HORSE SPRINGS, N.M. – Wranglers at the Platt ranch were marking calves the old-fashioned way last week, roping them from horseback and burning a brand onto their haunches.

What they were emphatically not doing, said Jay Platt, the third-generation proprietor of the ranch, was abiding by a federally recommended livestock identification plan, intendfd to speed the tracing of animal diseases, that has caused an uproar among ranchers. They were not attaching the recommended tags with microchips that would allow the computerized recording of livestock movements from birth to the slaughterhouse.

“This plan is expensive, it’s intrusive, and there’s no need for it,” Mr. Platt said.

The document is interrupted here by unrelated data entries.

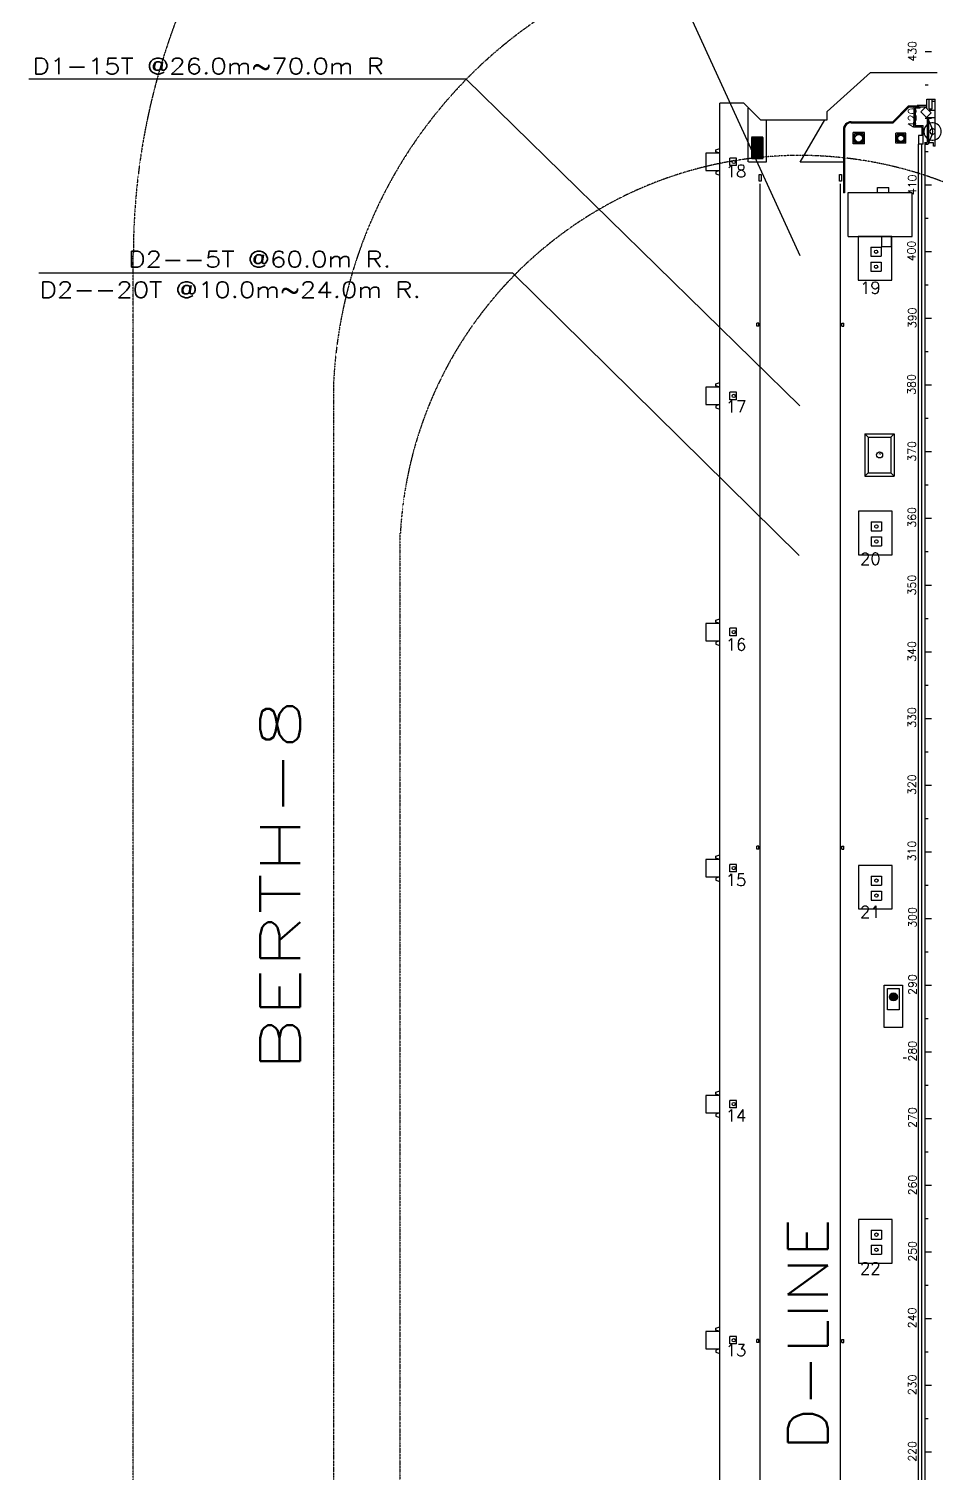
# Model space of a CAD drawing. Header units: inches. Extents: x 2621776591 to 2623670951, y 363331607 to 364354604.
# Drawn here: x 2622428770 to 2622564794, y 363928477 to 364145057 of the extents above; entities that cross this region are included whole.
import ezdxf
from ezdxf.enums import TextEntityAlignment as Align

# ---------------------------------------------------------------- set-up
doc = ezdxf.new("R2010")
doc.units = ezdxf.units.IN
doc.header["$MEASUREMENT"] = 0
for name, pattern in [('BORDERX2', [3.5, 1, -0.5, 1, -0.5, 0, -0.5]), ('CENTER', [2, 1.25, -0.25, 0.25, -0.25]), ('DASHED2', [0.375, 0.25, -0.125]), ('HIDDEN', [0.375, 0.25, -0.125])]:
    doc.linetypes.add(name, pattern=pattern)
for name, color, linetype in [('ANCHOR POINT', 7, 'Continuous'), ('BLDG', 3, 'Continuous'), ('BOLLARD', 1, 'Continuous'), ('Bollard Nos.', 7, 'Continuous'), ('CAPSTAN', 1, 'Continuous'), ('DIM', 8, 'Continuous'), ('Dock CH Text', 8, 'Continuous'), ('Dock Chainage', 8, 'Continuous'), ('FENDER', 1, 'Continuous'), ('LTOWER', 2, 'Continuous'), ('PIER', 7, 'Continuous'), ('PLAN', 2, 'Continuous'), ('TEXT2', 1, 'Continuous'), ('TEXT3', 6, 'Continuous')]:
    doc.layers.add(name, color=color, linetype=linetype)
doc.layers.add('CRANE', color=7, linetype='Continuous', true_color=0x7f3f7f)
doc.styles.add('ROMANS', font='romans')
doc.styles.get("Standard").update_dxf_attribs({"font": 'arial.ttf'})

# ---------------------------------------------------------------- blocks, each defined once
blk = doc.blocks.new('FENDER')
at = {"layer": 'FENDER'}
blk.add_line((-600, 1800), (0, 2000), dxfattribs=at)
blk.add_lwpolyline([(0, 0), (0, 1300), (-2100, 1300), (-2100, -1300), (0, -1300)], close=True, dxfattribs=at)
for points in [[(0, 1300), (-600, 1500), (-600, 1800)], [(0, -1300), (-600, -1500), (-600, -1800), (0, -2000)]]:
    blk.add_lwpolyline(points, dxfattribs=at)
blk = doc.blocks.new('BASE LIGHTING TOWER')
for p, q in [((1400, -300), (900, 200)), ((900, 200), (5300, 200)), ((900, 200), (900, -6125)), ((4800, -300), (5300, 200)), ((5300, 200), (5300, -6125)), ((1400, -300), (1400, -5625)), ((1400, -300), (4800, -300)), ((4800, -300), (4800, -5625)), ((900, -6125), (1400, -5625)), ((900, -6125), (5300, -6125)), ((1400, -5625), (4800, -5625)), ((5300, -6125), (4800, -5625))]:
    blk.add_line(p, q)
blk = doc.blocks.new('A$C48C768FC')
at = {"layer": 'Dock CH Text'}
blk.add_line((-4248, 279155), (-3748, 279155), dxfattribs=at)
at = {"layer": 'Dock Chainage'}
for p, q in [((0, 430000), (-975, 430000)), ((-500, 425000), (-975, 425000)), ((0, 420000), (-975, 420000)), ((-500, 415000), (-975, 415000)), ((0, 410000), (-975, 410000)), ((-500, 405000), (-975, 405000)), ((0, 400000), (-975, 400000)), ((-500, 395000), (-975, 395000)), ((0, 390000), (-975, 390000)), ((-500, 385000), (-975, 385000)), ((0, 380000), (-975, 380000)), ((-500, 375000), (-975, 375000)), ((0, 370000), (-975, 370000)), ((-500, 365000), (-975, 365000)), ((0, 360000), (-975, 360000)), ((-500, 355000), (-975, 355000)), ((0, 350000), (-975, 350000)), ((-500, 345000), (-975, 345000)), ((0, 340000), (-975, 340000)), ((-500, 335000), (-975, 335000)), ((0, 330000), (-975, 330000)), ((-500, 325000), (-975, 325000)), ((0, 320000), (-975, 320000)), ((-500, 315000), (-975, 315000)), ((0, 310000), (-975, 310000)), ((-500, 305000), (-975, 305000)), ((0, 300000), (-975, 300000)), ((-500, 295000), (-975, 295000)), ((0, 290000), (-975, 290000)), ((-500, 285000), (-975, 285000)), ((0, 280000), (-975, 280000)), ((-500, 275000), (-975, 275000)), ((0, 270000), (-975, 270000)), ((-500, 265000), (-975, 265000)), ((0, 260000), (-975, 260000)), ((-500, 255000), (-975, 255000)), ((0, 250000), (-975, 250000)), ((-500, 245000), (-975, 245000)), ((0, 240000), (-975, 240000)), ((-500, 235000), (-975, 235000)), ((0, 230000), (-975, 230000)), ((-500, 225000), (-975, 225000)), ((0, 220000), (-975, 220000))]:
    blk.add_line(p, q, dxfattribs=at)
at = {"layer": 'Dock CH Text', "style": 'ROMANS'}
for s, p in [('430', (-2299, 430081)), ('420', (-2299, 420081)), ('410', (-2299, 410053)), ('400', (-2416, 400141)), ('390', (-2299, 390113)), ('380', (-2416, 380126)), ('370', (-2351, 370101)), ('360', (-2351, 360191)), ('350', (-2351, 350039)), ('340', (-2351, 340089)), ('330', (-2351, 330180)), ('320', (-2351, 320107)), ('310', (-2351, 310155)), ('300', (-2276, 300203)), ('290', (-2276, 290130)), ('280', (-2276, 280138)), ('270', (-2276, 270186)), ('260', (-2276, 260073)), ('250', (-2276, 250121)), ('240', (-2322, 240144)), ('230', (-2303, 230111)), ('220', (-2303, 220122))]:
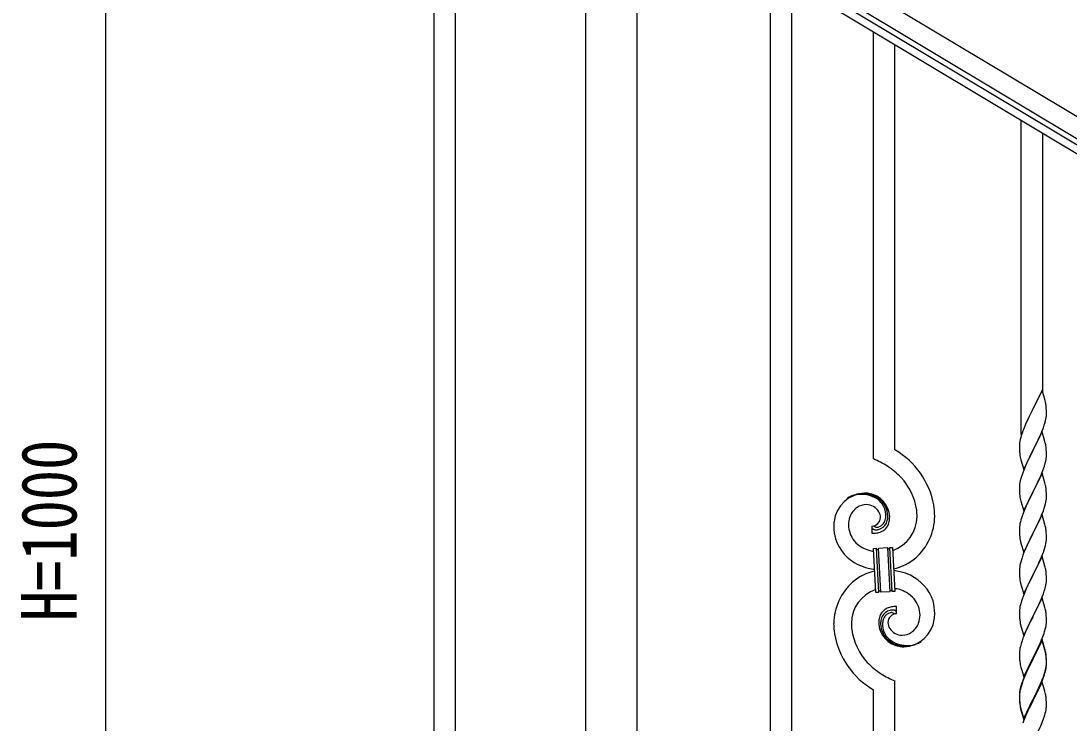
# Model space of a CAD drawing. Units: millimetres, scale not verified. Extents: x -4015 to 4015, y -2862 to 2860.
# Drawn here: x -1986 to -1157, y -1143 to -587 of the extents above; entities that cross this region are included whole.
import ezdxf
from ezdxf.enums import TextEntityAlignment as Align

# ---------------------------------------------------------------- set-up
doc = ezdxf.new("R2010")
doc.units = ezdxf.units.MM
doc.header["$LTSCALE"] = 10
doc.layers.add('0-3_YKK_A1', color=4, linetype='Continuous')
doc.layers.add('0-4_YKK_D', color=6, linetype='Continuous')
doc.styles.add('ＭＳ ゴシック', font='')
doc.styles.get('ＭＳ ゴシック').set_extended_font_data('MS Gothic')

msp = doc.modelspace()

# ---------------------------------------------------------------- linework, layer by layer
at = {"layer": '0-3_YKK_A1'}
for p, q in [((-594.27, -996.45), (-1479.24, -465.55)), ((-1659.67, -474.86), (-1659.67, -1334.86)), ((-1642.67, -474.86), (-1642.67, -1334.86)), ((-601.99, -1009.31), (-1486.96, -478.41)), ((-1398.17, -536.34), (-646.07, -987.54)), ((-1401.25, -541.49), (-649.15, -992.68)), ((-1393.17, -1399.69), (-1393.17, -546.34)), ((-1376.17, -1409.89), (-1376.17, -556.53)), ((-1539.42, -1327.16), (-1539.42, -576.13)), ((-1498.92, -576.13), (-1498.92, -1326.36)), ((-1311.67, -933.49), (-1311.67, -595.23)), ((-1294.67, -926.41), (-1294.67, -605.43)), ((-1194.67, -914.12), (-1194.67, -665.42)), ((-1177.67, -881.22), (-1177.67, -675.62)), ((-1312.95, -986.78), (-1312.95, -992.41)), ((-1311.22, -986.68), (-1311.26, -986.64)), ((-1298.6, -1003.65), (-1296.6, -1003.54)), ((-1296.6, -1003.54), (-1294.77, -1038.49)), ((-1195.87, -995.55), (-1195.73, -996.53)), ((-1311.58, -1004.33), (-1309.58, -1004.22)), ((-1309.75, -1039.28), (-1311.58, -1004.33)), ((-1309.58, -1004.22), (-1307.75, -1039.17)), ((-1309.58, -1004.22), (-1307.75, -1039.17)), ((-1307.58, -1004.12), (-1300.6, -1003.75)), ((-1305.75, -1039.07), (-1307.58, -1004.12)), ((-1305.75, -1039.07), (-1307.58, -1004.12)), ((-1300.6, -1003.75), (-1298.76, -1038.7)), ((-1300.6, -1003.75), (-1298.76, -1038.7)), ((-1296.77, -1038.6), (-1298.6, -1003.65)), ((-1296.77, -1038.6), (-1298.6, -1003.65)), ((-1195.87, -1028.41), (-1195.73, -1029.4)), ((-1307.75, -1039.17), (-1309.75, -1039.28)), ((-1298.76, -1038.7), (-1305.75, -1039.07)), ((-1294.77, -1038.49), (-1296.77, -1038.6)), ((-1293.4, -1056.04), (-1293.4, -1050.41)), ((-1294.67, -1458.78), (-1294.67, -1109.33)), ((-1311.67, -1448.58), (-1311.67, -1116.41)), ((-1195.87, -1127.02), (-1195.73, -1128.01))]:
    msp.add_line(p, q, dxfattribs=at)
for points in [[(-1178.27, -879.18), (-1185.5, -894.03), (-1185.84, -894.7), (-1188.45, -899.9), (-1189.55, -902.2), (-1190.22, -903.63), (-1191.33, -906.09), (-1192.8, -909.62), (-1193.39, -911.14), (-1194.11, -913.16), (-1194.75, -915.15), (-1195.17, -916.61), (-1195.53, -918.03), (-1195.82, -919.42), (-1196.04, -920.75)], [(-1175.54, -888.72), (-1175.88, -887.3), (-1178.27, -879.18)], [(-1195.87, -929.81), (-1195.73, -930.8), (-1195.55, -931.75), (-1195.45, -932.22), (-1195.24, -933.16), (-1194.99, -934.12), (-1192.72, -941.76), (-1185.5, -926.91), (-1185.33, -926.57), (-1183.61, -923.19), (-1181.22, -918.26), (-1179.67, -914.84), (-1179.23, -913.84), (-1178.19, -911.31), (-1177.23, -908.78), (-1176.55, -906.78), (-1176.09, -905.3), (-1175.57, -903.37), (-1175.26, -901.98), (-1175.02, -900.62), (-1174.86, -899.33), (-1174.8, -898.5), (-1174.78, -897.7), (-1174.78, -896.55), (-1174.83, -894.83), (-1174.89, -893.58), (-1175, -892.17)], [(-1178.27, -912.05), (-1185.5, -926.91), (-1185.84, -927.58), (-1188.66, -933.22), (-1190.22, -936.5), (-1191.33, -938.97), (-1192.8, -942.49), (-1193.57, -944.52)], [(-1175.54, -921.59), (-1175.76, -920.65), (-1176.01, -919.69), (-1178.27, -912.05)], [(-1196.17, -922.03), (-1196.21, -922.84), (-1196.22, -923.24), (-1196.2, -925.1), (-1196.17, -926.11), (-1196.12, -927.05), (-1196.04, -928.22)], [(-1174.8, -931.37), (-1174.78, -930.57), (-1174.78, -929.43), (-1174.83, -927.7), (-1174.89, -926.45), (-1175, -925.04)], [(-1175.69, -936.72), (-1175.36, -935.31), (-1175.09, -933.94), (-1174.9, -932.63)], [(-1195.24, -966.03), (-1194.99, -966.99), (-1192.72, -974.63), (-1185.5, -959.78), (-1185.33, -959.45), (-1183.61, -956.06), (-1182.11, -953), (-1180.99, -950.66), (-1179.88, -948.21), (-1178.81, -945.7), (-1177.61, -942.66), (-1176.88, -940.65), (-1176.39, -939.15)], [(-1178.27, -944.91), (-1185.5, -959.78), (-1185.66, -960.11), (-1188.45, -965.64), (-1189.77, -968.41), (-1190.22, -969.37), (-1191.97, -973.34), (-1193, -975.87), (-1193.57, -977.39)], [(-1175.54, -954.45), (-1175.76, -953.52), (-1176.01, -952.56), (-1178.27, -944.91)], [(-1194.6, -947.53), (-1195.04, -949), (-1195.53, -950.91), (-1195.82, -952.29), (-1196.04, -953.62)], [(-1196.17, -954.9), (-1196.21, -955.71), (-1196.22, -956.11), (-1196.2, -957.97), (-1196.17, -958.98), (-1196.12, -959.92), (-1196.02, -961.36), (-1195.87, -962.68), (-1195.73, -963.67)], [(-1195.24, -998.9), (-1194.92, -1000.1), (-1192.72, -1007.5), (-1185.5, -992.64), (-1185.33, -992.31), (-1183.61, -988.93), (-1182.11, -985.87), (-1180.99, -983.52), (-1179.45, -980.08), (-1178.6, -978.07), (-1177.23, -974.52), (-1176.55, -972.52), (-1176.09, -971.04), (-1175.57, -969.11), (-1175.26, -967.72), (-1175.02, -966.36), (-1174.86, -965.07), (-1174.8, -964.24), (-1174.78, -963.44), (-1174.78, -962.29), (-1174.83, -960.57), (-1174.89, -959.32), (-1175, -957.91)], [(-1178.27, -977.79), (-1185.5, -992.64), (-1185.84, -993.32), (-1188.66, -998.96), (-1190, -1001.76), (-1191.33, -1004.7), (-1192.6, -1007.72), (-1193.39, -1009.75), (-1194.11, -1011.77), (-1194.9, -1014.25), (-1195.42, -1016.17), (-1195.73, -1017.57), (-1195.97, -1018.92), (-1196.13, -1020.22), (-1196.19, -1021.05), (-1196.22, -1021.85), (-1196.2, -1023.71), (-1196.17, -1024.72), (-1196.12, -1025.66), (-1196.04, -1026.82)], [(-1175.54, -987.33), (-1175.76, -986.39), (-1176.01, -985.43), (-1178.27, -977.79)], [(-1194.6, -980.39), (-1195.04, -981.86), (-1195.42, -983.3), (-1195.73, -984.7), (-1195.97, -986.05), (-1196.13, -987.35), (-1196.19, -988.18), (-1196.22, -988.98), (-1196.2, -990.84), (-1196.17, -991.85), (-1196.12, -992.79), (-1196.04, -993.95)], [(-1195.24, -1031.77), (-1194.99, -1032.72), (-1194.92, -1032.97), (-1192.72, -1040.37), (-1185.5, -1025.51), (-1185.33, -1025.18), (-1182.55, -1019.64), (-1181.44, -1017.34), (-1180.77, -1015.91), (-1179.45, -1012.95), (-1178.6, -1010.93), (-1177.23, -1007.39), (-1176.55, -1005.39), (-1176.09, -1003.91), (-1175.57, -1001.98), (-1175.26, -1000.59), (-1175.02, -999.23), (-1174.86, -997.94), (-1174.8, -997.11), (-1174.78, -996.31), (-1174.78, -995.16), (-1174.83, -993.44), (-1174.89, -992.19), (-1175, -990.78)], [(-1178.27, -1010.65), (-1185.5, -1025.51), (-1185.66, -1025.84), (-1188.66, -1031.83), (-1190, -1034.63), (-1191.33, -1037.57), (-1192.8, -1041.1), (-1193.57, -1043.13)], [(-1175.54, -1020.19), (-1175.76, -1019.25), (-1176.01, -1018.3), (-1178.27, -1010.65)], [(-1195.45, -1063.7), (-1195.24, -1064.64), (-1194.92, -1065.84), (-1192.72, -1073.24), (-1185.5, -1058.38), (-1185.33, -1058.05), (-1180.77, -1048.78), (-1179.45, -1045.82), (-1178.19, -1042.79), (-1177.23, -1040.26), (-1176.55, -1038.25), (-1176.09, -1036.78), (-1175.57, -1034.85), (-1175.26, -1033.45), (-1175.02, -1032.1), (-1174.86, -1030.81), (-1174.8, -1029.98), (-1174.78, -1029.18), (-1174.78, -1028.03), (-1174.83, -1026.3), (-1174.89, -1025.06), (-1175, -1023.65)], [(-1178.27, -1043.53), (-1185.5, -1058.38), (-1185.66, -1058.71), (-1187.38, -1062.1), (-1189.55, -1066.54), (-1190.67, -1068.95), (-1191.33, -1070.44), (-1192.8, -1073.97), (-1193.39, -1075.49), (-1194.11, -1077.51), (-1194.9, -1079.98), (-1195.42, -1081.91), (-1195.73, -1083.31), (-1195.97, -1084.66), (-1196.13, -1085.96), (-1196.19, -1086.79), (-1196.22, -1087.59), (-1196.2, -1089.45), (-1196.17, -1090.46), (-1196.12, -1091.4), (-1196.04, -1092.56)], [(-1175.54, -1053.06), (-1175.76, -1052.12), (-1176.01, -1051.17), (-1178.27, -1043.53)], [(-1194.6, -1046.13), (-1194.9, -1047.12), (-1195.42, -1049.04), (-1195.73, -1050.44), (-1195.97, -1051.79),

Mr. Platt said he already did all he could to fight epidemics. He does not bring any outside animals into his herds, and he happily staples on metal tags that identify animals to help with brucellosis control. But as he drove his pickup from grasslands into dense thickets of piñon pine on this highland desert that requires 100 acres per cow, he explained why he thought the federal plan was wrongheaded.

Mr. Platt called the extra $2 cost of the electronic tags an onerous burden for a teetering industry and said he often moved horses and some of his 1,000 head of cattle among three ranches here and in Arizona. Small groups of cattle are often rounded up in distant spots and herded into a truck by a single person, who could not simultaneously wield the hand-held scanner needed to record individual animal identities, Mr. Platt said. And there is no Internet connection on the ranch for filing to a regional database.